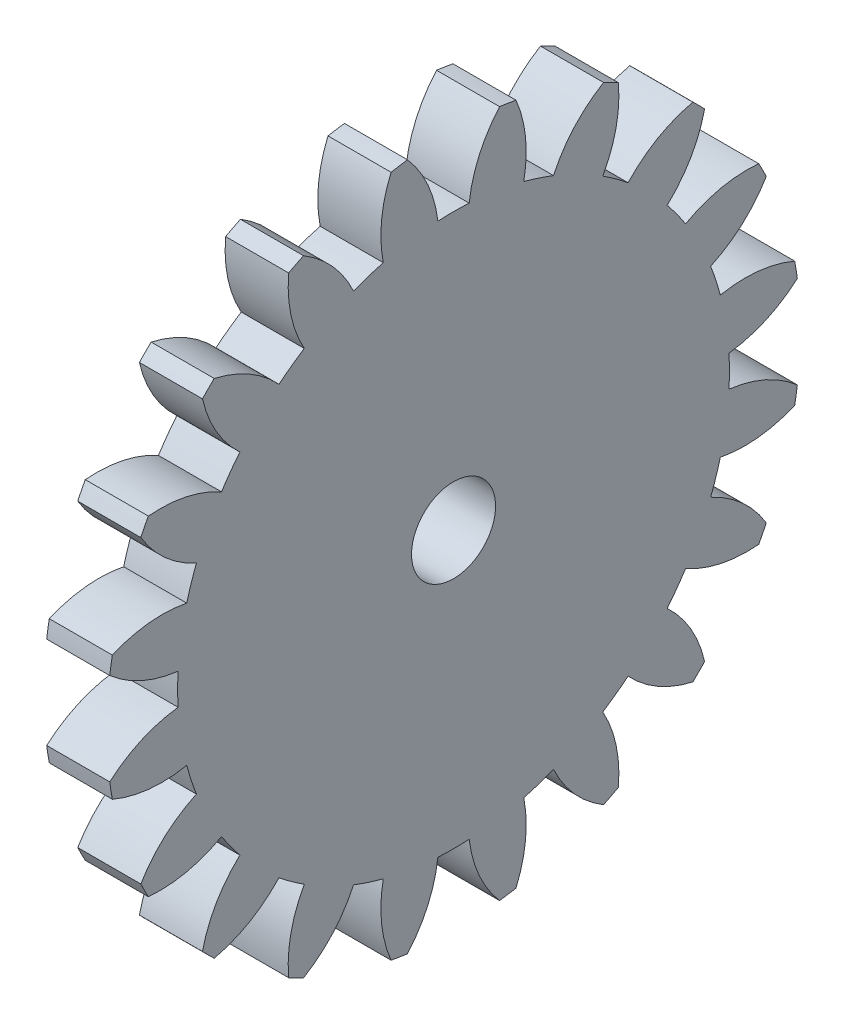
SolidWorks part; units mm, degrees
ref_plane "Plane1" through (0, 0, 0) normal (0, 0, 1) x (1, 0, 0)
ref_plane "Plane2" through (0, 0, 0) normal (0, 1, 0) x (1, 0, 0)
ref_plane "Plane3" through (0, 0, 0) normal (1, 0, 0) x (0, 0, -1)
other "Configuration Table"
sketch "HoldingSke" plane through (0, 0, 0) normal (0, 1, 0) x (1, 0, 0)
  line L0 (0, 0) -> (0.6265, -0.228)
  line L1 (-15, 0) -> (100, 0) construction
  line L2 (0, 0) -> (-2.1039, 2.3779)
  line L3 (0, 0) -> (-11.863, 4.5341)
  line L4 (0, 0) -> (8.1152, 2.9537)
  line L5 (0, 0) -> (-46.8476, -17.4728)
  line L6 (0, 0) -> (-2.4869, -1.6779)
  line L7 (-2.1039, 2.3779) -> (8.6586, 51.2059)
  line L8 (-76.2, 54.61) -> (-75.5, 54.61)
  line L9 (-71.009, 38.7566) -> (-53.1078, 45.2721)
  line L10 (-76.2, 71.12) -> (104.1128, 71.12)
  line L11 (0, 0) -> (-3, 0)
  line L12 (-76.2, 101.6) -> (-76.147, 101.6)
  line L13 (24.9733, 27.94) -> (52.9518, 28.4284)
  line L14 (24.9733, 27.94) -> (24.9743, 27.94)
  line L15 (24.9733, 27.94) -> (100.4006, 29.5858)
  line L16 (-63.627, -1.5) -> (-12.827, -1.5)
  circle A0 centre (0, 0) radius 2
  circle A1 centre (0, 0) radius 13.124
  circle A2 centre (0, 0) radius 37.5
  circle A3 centre (0, 0) radius 2
  dimension "MHD" = 26.248
  dimension "Hub_dia" = 75
  dimension "Bore" = 4
  dimension "MBD" = 4
  dimension "Num_teeth" = 20
  dimension "Pitch" = 0.6667
  dimension "Overall_len" = 50
  dimension "Show_teeth" = 20
  dimension "Thickness" = 3
  dimension "OAL" = 50.0001
  dimension "T_dim" = 0.7
  dimension "Ap" = 20
  dimension "H" = 19.05
  dimension "Pitch_radius" = 180.3128
  dimension "Width" = 3
  dimension "Backlash" = 0.053
  dimension "Addendum_fac" = 1
  dimension "Dedendum_fac" = 1.25
  dimension "Clearance_fac" = 0.25
  dimension "Dedendum_add" = 0.001
  dimension "Module" = 1.5
sketch "BasProSke" plane through (0, 0, 0) normal (0, 1, 0) x (1, 0, 0)
  line L0 (-10, 0) -> (60, 0) construction
  line L1 (0, 0) -> (0, 16.5)
  line L2 (0, 0) -> (3, 0)
  line L3 (3, 0) -> (3, 16.5)
  line L4 (3, 16.5) -> (0, 16.5)
  dimension "Thickness" = 3
  dimension "Diameter" = 33
revolve "Base-Revolve" add sketch "BasProSke" angle 360 about L0
sketch "TooCutSke" plane through (0, 0, 0) normal (1, 0, 0) x (0, 0, -1)
  line L1 (0, 0) -> (0, 107) construction
  line L2 (0, 0) -> (-1.2696, 14.9462) construction
  line L3 (0, 0) -> (-4.6808, 29.5532) construction
  line L4 (-1.2696, 14.9462) -> (-2.3404, 14.7766) construction
  arc A0 (0.7438, 13.1029) -> (-0.7438, 13.1029) centre (0, 0) ccw
  arc A1 (2.21, 16.377) -> (-2.21, 16.377) centre (0, 0) ccw
  circle A2 centre (0, 0) radius 15 construction
  circle A3 centre (0, 0) radius 14.0954 construction
  arc A4 (-0.7438, 13.1029) -> (-2.21, 16.377) centre (-6.7025, 12.3999) ccw
  arc A5 (2.21, 16.377) -> (0.7438, 13.1029) centre (6.7025, 12.3999) ccw
  dimension "Root_dia" = 26.248
  dimension "Overcut_dia" = 33.0508
  dimension "Pitch_dia" = 30
  dimension "Base_dia" = 28.1908
  dimension "Flank_rad" = 6
  dimension "Half_ang" = 9
  dimension "Half_CT" = 1.0841
extrude "ToothCut" cut sketch "TooCutSke" along normal through all
fillet "Breaks" [suppressed] radius 0.03
fillet "RootFillets" [suppressed] radius 0.376
pattern_circular "TeethCuts" count 20 every 18 about axis through (-10, 0, 0) along (1, 0, 0) of "ToothCut", "RootFillets", "Breaks"
sketch "HubNeaOneSke" plane through (0, 0, 0) normal (-1, 0, 0) x (0, 0, 1)
  circle A0 centre (0, 0) radius 13.124
  dimension "Diameter" = 26.248
extrude "HubNearOne" [suppressed] add sketch "HubNeaOneSke" along normal blind 47.0001
sketch "HubNeaBotSke" plane through (0, 0, 0) normal (-1, 0, 0) x (0, 0, 1)
  circle A0 centre (0, 0) radius 13.124
  dimension "Diameter" = 26.248
extrude "HubNearBoth" [suppressed] add sketch "HubNeaBotSke" along normal blind 23.5001
ref_plane "FarPln" through (3, 0, 0) normal (1, 0, 0) x (0, 0, -1)
sketch "HubFarSke" plane through (3, 0, 0) normal (1, 0, 0) x (0, 0, -1)
  circle A0 centre (0, 0) radius 13.124
  dimension "Diameter" = 26.248
extrude "HubFar" [suppressed] add sketch "HubFarSke" along normal blind 23.5001
sketch "BorSke" plane through (0, 0, 0) normal (1, 0, 0) x (0, 0, -1)
  circle A0 centre (0, 0) radius 2
  dimension "Diameter" = 4
extrude "Bore" cut sketch "BorSke" along normal mid plane 100.0002
sketch "KeySke" plane through (0, 0, 0) normal (1, 0, 0) x (0, 0, -1)
  line L0 (-0.8, 0) -> (-0.8, 2.7)
  line L1 (-0.8, 2.7) -> (0.8, 2.7)
  line L2 (0.8, 2.7) -> (0.8, 0)
  line L3 (0, 0) -> (0, 34) construction
  line L4 (-0.8, 0) -> (0.8, 0)
  dimension "Offset" = 2.7
  dimension "Width" = 1.6
extrude "Keyway" [suppressed] cut sketch "KeySke" along normal mid plane 100.0002
pattern_circular "Keyway2" [suppressed] count 2 every 90 about axis through (-10, 0, 0) along (1, 0, 0)
equation "' \"Module@HoldingSke\" = 6.35"
equation "' \"Num_teeth@HoldingSke\" = 12"
equation "' \"Ap@HoldingSke\" =  20"
equation "' \"Ap@HoldingSke\" = 20"
equation "' \"Width@HoldingSke\" = 0.5 * 25.4"
equation "' \"Hub_dia@HoldingSke\"= 1 * 25.4"
equation "' \"Hub_dia@HoldingSke\" = 1 * 25.4"
equation "' \"Overall_len@HoldingSke\" = 1.0 * 25.4"
equation "' \"Bore@HoldingSke\" = 0.75 * 25.4"
equation "' \"T_dim@HoldingSke\" = 0.1 * 25.4"
equation "' \"Width@KeySke\" = 0.25 * 25.4"
equation "' \"Show_teeth@HoldingSke\" = 13"
equation "' \"Backlash@HoldingSke\" = 0.009 * 25.4"
equation "' \"Addendum_fac@HoldingSke\" = 1.0"
equation "' \"Dedendum_fac@HoldingSke\" = 1.25"
equation "' \"Dedendum_add@HoldingSke\" = 0.00005 * 25.4"
equation "' \"Clearance_fac@HoldingSke\" = 0.25"
equation "\"Pitch@HoldingSke\" = 1 / \"Module@HoldingSke\""
equation "\"Overcut_dia@TooCutSke\" = (\"Num_teeth@HoldingSke\" + 2 * \"Addendum_fac@HoldingSke\") / \"Pitch@HoldingSke\" + 0.002 * 25.4"
equation "\"Pitch_dia@TooCutSke\" = \"Num_teeth@HoldingSke\" / \"Pitch@HoldingSke\""
equation "\"Base_dia@TooCutSke\" = \"Num_teeth@HoldingSke\" / \"Pitch@HoldingSke\" * cos((\"Ap@HoldingSke\"  * 3.14159265 / 180))"
equation "\"Root_dia@TooCutSke\" = (\"Num_teeth@HoldingSke\" + 2) / \"Pitch@HoldingSke\" - 2 * (\"Addendum_fac@HoldingSke\" + \"Dedendum_fac@HoldingSke\") / \"Pitch@HoldingSke\" - \"Dedendum_add@HoldingSke\" * 2"
equation "\"Half_ang@TooCutSke\" = 180 / \"Num_teeth@HoldingSke\""
equation "\"Half_CT@TooCutSke\" = \"Num_teeth@HoldingSke\" / \"Pitch@HoldingSke\" * sin((3.14159265 / 2 / \"Num_teeth@HoldingSke\")) / 2 - 7 * \"Backlash@HoldingSke\" / 4"
equation "\"Flank_rad@TooCutSke\" = \"Num_teeth@HoldingSke\" / \"Pitch@HoldingSke\" / 5"
equation "\"Radius@RootFillets\" = \"Clearance_fac@HoldingSke\" / \"Pitch@HoldingSke\" + \"Dedendum_add@HoldingSke\""
equation "\"Break_rad@Breaks\" = 0.02 / \"Pitch@HoldingSke\""
equation "\"Thickness@HoldingSke\" = \"Width@HoldingSke\""
equation "\"OAL@HoldingSke\" = \"Thickness@HoldingSke\""
equation "\"MHD@HoldingSke\" = (\"Num_teeth@HoldingSke\" + 2) / \"Pitch@HoldingSke\" - 2 * (\"Addendum_fac@HoldingSke\" + \"Dedendum_fac@HoldingSke\")  / \"Pitch@HoldingSke\" - \"Dedendum_add@HoldingSke\" * 2"
equation "\"MBD@HoldingSke\" = (\"Num_teeth@HoldingSke\" + 2) / \"Pitch@HoldingSke\" - 2 * (\"Addendum_fac@HoldingSke\" + \"Dedendum_fac@HoldingSke\")  / \"Pitch@HoldingSke\" - \"Dedendum_add@HoldingSke\" * 2 - 0.002 * 25.4"
equation "\"MHD@HoldingSke\" = ((sgn( \"MHD@HoldingSke\" - \"Hub_dia@HoldingSke\" )-1)*( \"MHD@HoldingSke\" - \"Hub_dia@HoldingSke\" ))/-2+ \"Hub_dia@HoldingSke\""
equation "\"MBD@HoldingSke\" = ((sgn( \"MBD@HoldingSke\" - \"Bore@HoldingSke\" )-1)*( \"MBD@HoldingSke\" - \"Bore@HoldingSke\" ))/-2+ \"Bore@HoldingSke\""
equation "\"OAL@HoldingSke\" = ((sgn( \"OAL@HoldingSke\" - \"Overall_len@HoldingSke\" )+1)*( \"OAL@HoldingSke\" - \"Overall_len@HoldingSke\" ))/2 + \"Overall_len@HoldingSke\" + 0.000002 * 25.4"
equation "\"Num_teeth@TeethCuts\" = int( \"Show_teeth@HoldingSke\" ) + 1"
equation "\"Num_teeth@TeethCuts\" = ((sgn( \"Num_teeth@TeethCuts\" - \"Num_teeth@HoldingSke\" )-1)*( \"Num_teeth@TeethCuts\" - \"Num_teeth@HoldingSke\" ))/-2+ \"Num_teeth@HoldingSke\""
equation "\"Num_teeth@TeethCuts\" = ((sgn( \"Num_teeth@TeethCuts\" - 2.0)+1)*( \"Num_teeth@TeethCuts\" - 2.0))/2 +2.0"
equation "\"Angle@TeethCuts\" = 360.0 / \"Num_teeth@HoldingSke\""
equation "\"Diameter@BasProSke\" = (\"Num_teeth@HoldingSke\" + 2 * \"Addendum_fac@HoldingSke\") / \"Pitch@HoldingSke\""
equation "\"Thickness@BasProSke\"  = \"Thickness@HoldingSke\""
equation "' \"Fillet_rad@BasProSke\" =  \"Thickness@HoldingSke\" * 0.05"
equation "' \"Fillet_rad@BasProSke\" = \"Thickness@HoldingSke\" * 0.05"
equation "\"MHD@HoldingSke\" = ((sgn( \"MHD@HoldingSke\" - \"Root_dia@TooCutSke\" )-1)*( \"MHD@HoldingSke\" - \"Root_dia@TooCutSke\" ))/-2+ \"Root_dia@TooCutSke\""
equation "\"Diameter@HubNeaOneSke\" = \"MHD@HoldingSke\""
equation "\"Length@HubNearOne\" = \"OAL@HoldingSke\" - \"Thickness@BasProSke\""
equation "\"Diameter@HubNeaBotSke\" = \"MHD@HoldingSke\""
equation "\"Length@HubNearBoth\" = ( \"OAL@HoldingSke\" - \"Thickness@BasProSke\" ) / 2.0"
equation "\"Thickness@FarPln\" = \"Thickness@BasProSke\""
equation "\"Diameter@HubFarSke\" = \"MHD@HoldingSke\""
equation "\"Length@HubFar\" = ( \"OAL@HoldingSke\" - \"Thickness@BasProSke\" ) / 2.0"
equation "\"Diameter@BorSke\" = \"MBD@HoldingSke\""
equation "\"D1@Bore\" = \"OAL@HoldingSke\" * 2.0"
equation "\"D1@Keyway\" = \"OAL@HoldingSke\" * 2.0"
equation "\"Offset@KeySke\" = \"T_dim@HoldingSke\" + \"MBD@HoldingSke\" / 2.0"
-=-=-
TASK STATEMENT> Return the number of lines containing the word "Diameter" in these records, with no additional output.

PROBLEM SOLUTION> 10